Peperomia macbrideana is a species of epiphytic herb in the genus Peperomia that is endemic to Peru. It grows on wet tropical biomes. Its conservation status is Threatened.

==Description==
The type specimen were collected at near Huacachi, Peru at an altitude of 1950 meters above sea level.

Peperomia macbrideana is a rather large, ascending herb with a somewhat thick stem, 3–6 mm in diameter, with short, glabrate internodes.

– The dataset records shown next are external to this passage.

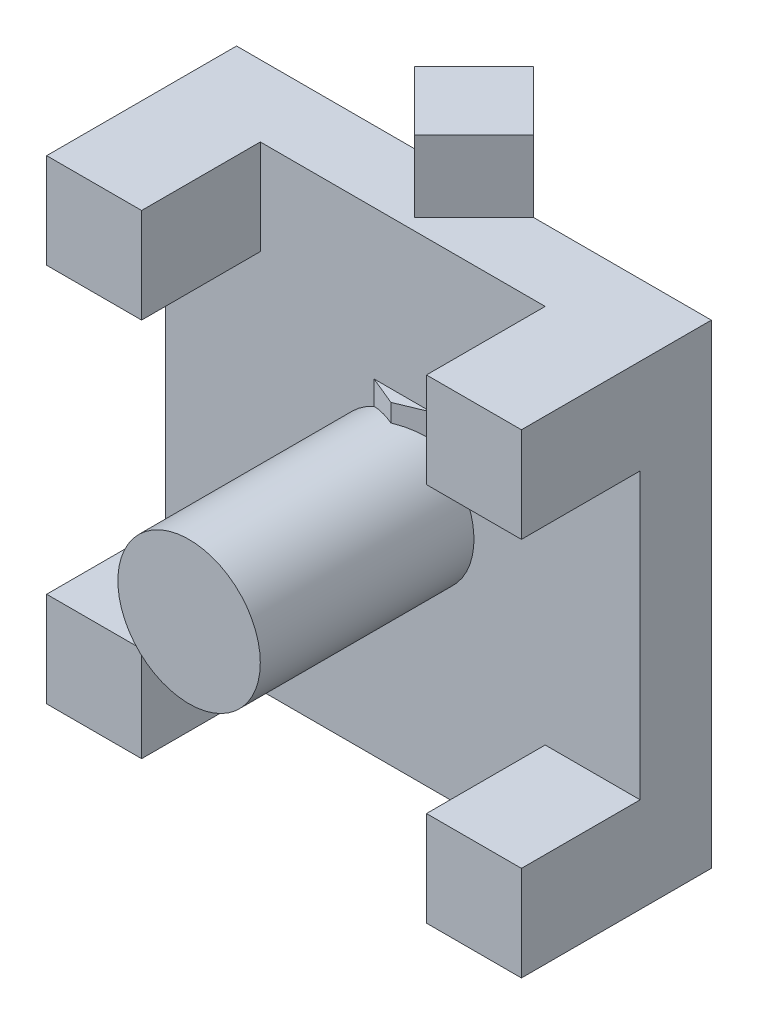
from build123d import *

# Parameters (mm, degrees)
SKETCH_1_W          = 2000
SKETCH_1_H          = 2000
EXTRUDE_1_DEPTH     = 300
SKETCH_2_W          = 400
SKETCH_2_H          = 400
EXTRUDE_2_DEPTH     = 800
SKETCH_3_W          = 400
SKETCH_3_H          = 400
EXTRUDE_3_DEPTH     = 800
SKETCH_4_W          = 400
SKETCH_4_H          = 400
EXTRUDE_4_DEPTH     = 800
SKETCH_5_W          = 400
SKETCH_5_H          = 400
EXTRUDE_5_DEPTH     = 800
SKETCH_6_R          = 300
EXTRUDE_6_DEPTH     = 1200
SKETCH_7_W          = 400
SKETCH_7_H          = 50
CUT_EXTRUDE_1_DEPTH = 1677.305461424
EXTRUDE_7_DEPTH     = 300
EXTRUDE_8_DEPTH     = 300
EXTRUDE_9_DEPTH     = 300
EXTRUDE_10_DEPTH    = 300
EXTRUDE_11_DEPTH    = 400


with BuildPart() as part:
    # 草图1 → 凸台-拉伸1 (new body)
    with BuildSketch(Plane.XY):
        Rectangle(SKETCH_1_W, SKETCH_1_H)
    extrude(amount=EXTRUDE_1_DEPTH)

    # 草图2 → 凸台-拉伸2 (add)
    with BuildSketch(Plane.XY):
        with Locations((-800, -800)):
            Rectangle(SKETCH_2_W, SKETCH_2_H)
    extrude(amount=EXTRUDE_2_DEPTH)

    # 草图3 → 凸台-拉伸3 (add)
    with BuildSketch(Plane.XY):
        with Locations((800, -800)):
            Rectangle(SKETCH_3_W, SKETCH_3_H)
    extrude(amount=EXTRUDE_3_DEPTH)

    # 草图4 → 凸台-拉伸4 (add)
    with BuildSketch(Plane.XY):
        with Locations((-800, 800)):
            Rectangle(SKETCH_4_W, SKETCH_4_H)
    extrude(amount=EXTRUDE_4_DEPTH)

    # 草图5 → 凸台-拉伸5 (add)
    with BuildSketch(Plane.XY):
        with Locations((800, 800)):
            Rectangle(SKETCH_5_W, SKETCH_5_H)
    extrude(amount=EXTRUDE_5_DEPTH)

    # 草图6 → 凸台-拉伸6 (add)
    with BuildSketch(Plane.XY):
        with Locations(Location((0, 0, 0), (0, 0, 180))):
            Circle(SKETCH_6_R)
    extrude(amount=EXTRUDE_6_DEPTH)

    # 草图7 → 切除-拉伸1 (cut, through all)
    with BuildSketch(Plane.XY.offset(300)):
        Rectangle(SKETCH_7_W, SKETCH_7_H)
    extrude(amount=-CUT_EXTRUDE_1_DEPTH, mode=Mode.SUBTRACT)

    # 草图8 → 凸台-拉伸7 (add)
    with BuildSketch(Plane(origin=(0, -600, 0), x_dir=(1, 0, 0), z_dir=(0, 1, 0))):
        Polygon((250, 0), (0, 250), (-250, 0), (0, -250), align=None)
    extrude(amount=EXTRUDE_7_DEPTH)

    # 草图9 → 凸台-拉伸8 (add)
    with BuildSketch(Plane(origin=(0, -600, 0), x_dir=(1, 0, 0), z_dir=(0, 1, 0))):
        Polygon((250, 0), (0, 250), (-250, 0), (0, -250), align=None)
    extrude(amount=EXTRUDE_8_DEPTH)

    # 草图10 → 凸台-拉伸9 (add)
    with BuildSketch(Plane(origin=(0, 1000, 0), x_dir=(1, 0, 0), z_dir=(0, 1, 0))):
        Polygon((250, 0), (0, 250), (-250, 0), (0, -250), align=None)
    extrude(amount=EXTRUDE_9_DEPTH)

    # 草图11 → 凸台-拉伸10 (add)
    with BuildSketch(Plane(origin=(0, 1000, 0), x_dir=(1, 0, 0), z_dir=(0, 1, 0))):
        Polygon((250, 0), (0, 250), (-250, 0), (0, -250), align=None)
    extrude(amount=EXTRUDE_10_DEPTH)

    # 草图12 → 凸台-拉伸11 (add)
    with BuildSketch(Plane(origin=(0, -25, 0), x_dir=(1, 0, 0), z_dir=(0, 1, 0))):
        Polygon((350, 0), (247.487373415, 247.487373415), (0, 350), (-247.487373415, 247.487373415), (-350, 0), (-247.487373415, -247.487373415), (0, -350), (247.487373415, -247.487373415), align=None)
    extrude(amount=EXTRUDE_11_DEPTH)


solid = part.part

The leaves are alternate or occasionally subopposite, round-elliptic to orbicular, rounded at both ends, and medium-sized, measuring 4–6 cm long and 3.5–5 cm wide. They are palmately 5-nerved, with branched nerves, and have rust-colored villous hairs on the underside along the nerves. The slender petiole is 3–8 cm long, shorter on the upper leaves. The spikes are congested in a spicate arrangement at the apex of a pilose branchlet. When young, they are barely 5 mm long.

==Taxonomy and naming==
It was described in 1936 by William Trelease in Publications of the Field Museum of Natural History, Botanical Series 13, from specimens collected by James Francis Macbride.

The epithet macbrideana honors the collector of the type specimen.

==Distribution and habitat==
It is endemic to Peru. It grows as an epiphytic herb. It grows on wet tropical biomes.

==Conservation==
This species is assessed as Threatened, in a preliminary report.